# How many watts does the sun have?



## dmastin (Jun 27, 2009)

Getting in my car yesterday (after it was preheated by the Arkansas sun) and I chuckled as I wondered how may watts the sun has and what a shame it cannot be harnessed as an aquarium light. Of course we know sunlight can benefit the indoor aquarium, but that's a different story. I then remembered I'd tossed some Hornwort, Cabomba, and Anacharis is my goldfish containers a while back. I checked them out and the Cabomba and Anacharis were growing like crazy (the strands were so long they broke before I could find both ends). No real surprise, but at least I remember I have a free source of both now! Also it occurred to me I could create a test bed for my other aquatic plants and see if any enjoy growing outdoors! (Note these are isolated containers miles from natural bodies of water.) Oh, a goldfish in one of the containers seemed to say "please, if you're not going to feed us, bugger off". Gosh, it'd be great if the Rotala macrandra prospered.


----------



## davemonkey (Mar 29, 2008)

Nice pics of your outdor container pond. That's funny you mentioned that about sunlight. I've actually been wondering lately, "How many WPG of whatever type of bulb would you need to match sunlight?"

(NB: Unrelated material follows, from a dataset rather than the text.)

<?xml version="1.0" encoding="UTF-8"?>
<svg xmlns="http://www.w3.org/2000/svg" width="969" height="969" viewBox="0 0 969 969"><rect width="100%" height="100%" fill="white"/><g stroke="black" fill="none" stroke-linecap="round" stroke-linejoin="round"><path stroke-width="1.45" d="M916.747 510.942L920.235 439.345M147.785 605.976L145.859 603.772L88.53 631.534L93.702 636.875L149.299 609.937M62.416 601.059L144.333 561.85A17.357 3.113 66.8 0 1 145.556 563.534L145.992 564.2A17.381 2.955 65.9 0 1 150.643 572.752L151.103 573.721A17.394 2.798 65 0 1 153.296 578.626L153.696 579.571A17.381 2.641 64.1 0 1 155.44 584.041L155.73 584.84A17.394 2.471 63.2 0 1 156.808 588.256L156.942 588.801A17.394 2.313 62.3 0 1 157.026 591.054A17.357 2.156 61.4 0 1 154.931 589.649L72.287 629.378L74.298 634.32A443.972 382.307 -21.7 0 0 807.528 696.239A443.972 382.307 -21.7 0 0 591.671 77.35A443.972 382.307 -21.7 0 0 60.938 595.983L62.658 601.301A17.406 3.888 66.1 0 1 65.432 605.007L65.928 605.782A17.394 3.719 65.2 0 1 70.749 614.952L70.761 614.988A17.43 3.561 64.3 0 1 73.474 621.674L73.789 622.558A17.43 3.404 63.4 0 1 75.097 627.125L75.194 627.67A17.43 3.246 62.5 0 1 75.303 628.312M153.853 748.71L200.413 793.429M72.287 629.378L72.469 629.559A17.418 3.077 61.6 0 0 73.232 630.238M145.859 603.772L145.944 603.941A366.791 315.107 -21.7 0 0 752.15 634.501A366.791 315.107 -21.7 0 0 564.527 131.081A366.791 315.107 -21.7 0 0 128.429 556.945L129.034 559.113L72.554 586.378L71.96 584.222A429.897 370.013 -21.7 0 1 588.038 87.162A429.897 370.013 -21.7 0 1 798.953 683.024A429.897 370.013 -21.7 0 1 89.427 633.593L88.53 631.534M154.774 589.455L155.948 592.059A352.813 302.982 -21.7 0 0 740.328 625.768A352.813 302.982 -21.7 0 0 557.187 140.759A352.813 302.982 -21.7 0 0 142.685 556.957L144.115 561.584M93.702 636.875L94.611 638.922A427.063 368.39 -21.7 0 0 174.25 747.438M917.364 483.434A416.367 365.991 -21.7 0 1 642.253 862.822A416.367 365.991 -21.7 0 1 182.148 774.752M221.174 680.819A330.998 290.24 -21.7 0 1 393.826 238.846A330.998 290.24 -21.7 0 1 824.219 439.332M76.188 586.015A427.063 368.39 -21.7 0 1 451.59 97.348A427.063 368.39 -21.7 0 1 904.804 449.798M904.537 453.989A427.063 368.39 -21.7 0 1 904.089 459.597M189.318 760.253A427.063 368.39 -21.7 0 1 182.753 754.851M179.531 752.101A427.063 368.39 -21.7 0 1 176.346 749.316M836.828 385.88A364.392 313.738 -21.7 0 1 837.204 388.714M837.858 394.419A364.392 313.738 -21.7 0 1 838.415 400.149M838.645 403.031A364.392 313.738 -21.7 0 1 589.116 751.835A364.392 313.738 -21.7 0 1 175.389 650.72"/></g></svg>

I'm guessing that anyone with a PAR meter could find out in a matter of minutes how much light is reaching natural ground outdoors at any given hour of the day. 

-Dave


----------



## Veloth (Jun 25, 2008)

386 million billion billion Watts. Got it from HERE


----------



## dmastin (Jun 27, 2009)

That's great I love it. I'm some how incensed that mother nature can do a better job than I can. Silly I know. It's hard to believe though that there's enough CO2 in my little container goldfish ponds to allow the plants to utilize that much energy.



Veloth said:


> 386 million billion billion Watts. Got it from HERE


----------



## SniperLk (May 25, 2008)

Veloth said:


> 386 million billion billion Watts. Got it from HERE


These are the watts emitted by the sun itself, not the watts received on the ground...

Here is what I found :



> # Average over the entire earth = 164 Watts per square meter over a 24 hour day
> 
> # 8 hour summer day, 40 degree latitude 600 Watts per sq. meter


http://www.google.com/webhp#hl=en&q...&aq=f&oq=sun+watts+per+m²&aqi=&fp=kE0CVI1PqvM

Hmm, that's not that big after all..


----------